Ty O'Connor, vice-président de MOA et lui-même agriculteur biologique, l'a dit sans ambages : “ Diversifiez vos activités pour pouvoir continuer. ”
O'Connor a également souligné que, s'il est important d'aborder les difficultés rencontrées par les agriculteurs aujourd'hui, il n'existe pas de solution miracle pour la conversion à l'agriculture biologique. Il a précisé que chaque agriculteur est différent, ce qui rend la transition plus complexe. Il n'existe pas de guide pas à pas pour l'agriculture biologique.

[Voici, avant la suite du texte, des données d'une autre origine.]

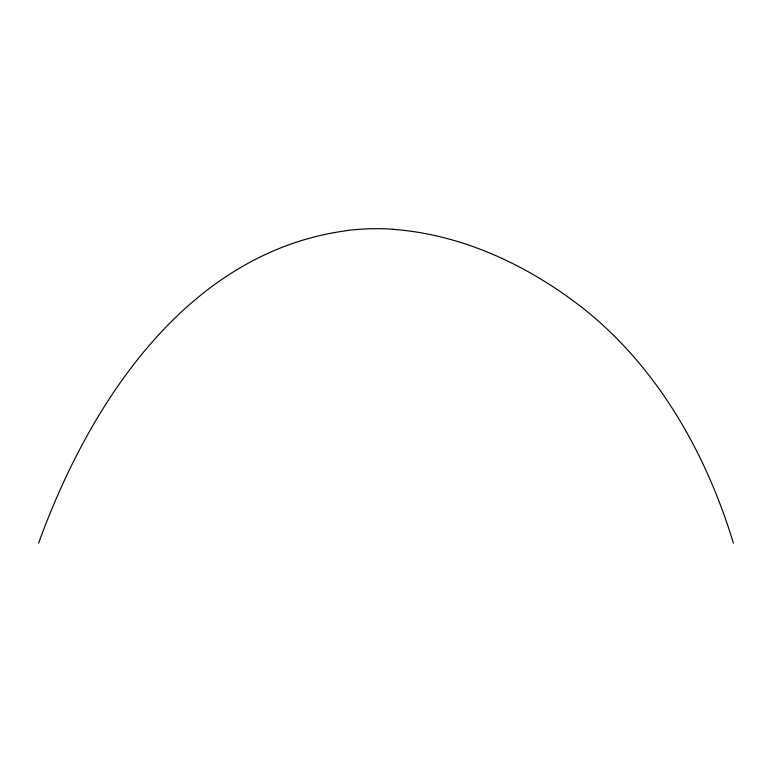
<?xml version="1.0" encoding="UTF-8"?>
<svg xmlns="http://www.w3.org/2000/svg" width="772" height="772" viewBox="0 0 772 772"><rect width="100%" height="100%" fill="white"/><g stroke="black" fill="none" stroke-linecap="round" stroke-linejoin="round"><path stroke-width="1.16" d="M38.6 543.179C89.021 403.688 186.901 252.232 346.425 230.703M392.292 229.294C463.103 234.292 529.891 266.253 585.022 309.833C658.381 368.842 706.399 454.023 733.4 543.179M346.396 230.577A168.45 113.957 0.2 0 1 392.311 229.168"/></g></svg>

Le sous-secrétaire Moffitt a expliqué que c'est pourquoi les programmes de mentorat locaux sont si précieux. Il est important d'avoir dans sa communauté une personne qui cultive les mêmes produits et qui peut vous aider en cas de problème. Cette personne peut partager son expérience et ses conseils, ce qui est vraiment très utile.
De nombreux témoignages partagés vendredi avaient un point commun quant aux raisons pour lesquelles les gens se convertissent à l'agriculture biologique : pour ces agriculteurs, c'est le seul choix.
Tracey Dion, agricultrice et présidente de l'association des agriculteurs, a expliqué que l'exploitation familiale de betteraves sucrières à Terry avait considérablement appauvri le sol, le rendant presque inutilisable. La meilleure solution pour le régénérer était de se convertir à l'agriculture biologique.
Bob Quinn, lui aussi agriculteur bio à Big Sandy et auteur du livre “ Grain by Grain ”, partage cet avis. Il a déclaré : “ Je pense que l'agriculture biologique est la seule voie viable pour l'avenir. ”
Cependant, Moffitt, du ministère américain de l'Agriculture, a déclaré que l'agriculture biologique et l'agriculture conventionnelle devraient coexister. Plutôt que de diaboliser l'une et de glorifier l'autre, l'essentiel est que les agriculteurs aient la liberté de choisir leur mode de production.
Nate Powell-Palm, l'organisateur de l'événement, a déclaré que celui-ci s'était encore mieux déroulé que prévu. Certains agriculteurs avaient fait plus de six heures de route pour y assister. Il a souligné la forte solidarité qui règne au sein de la communauté des agriculteurs biologiques de l'État. Lorsqu'il s'agit de se mobiliser pour une cause, de nombreux agriculteurs se rassemblent rapidement, preuve que le changement exige la collaboration de tous.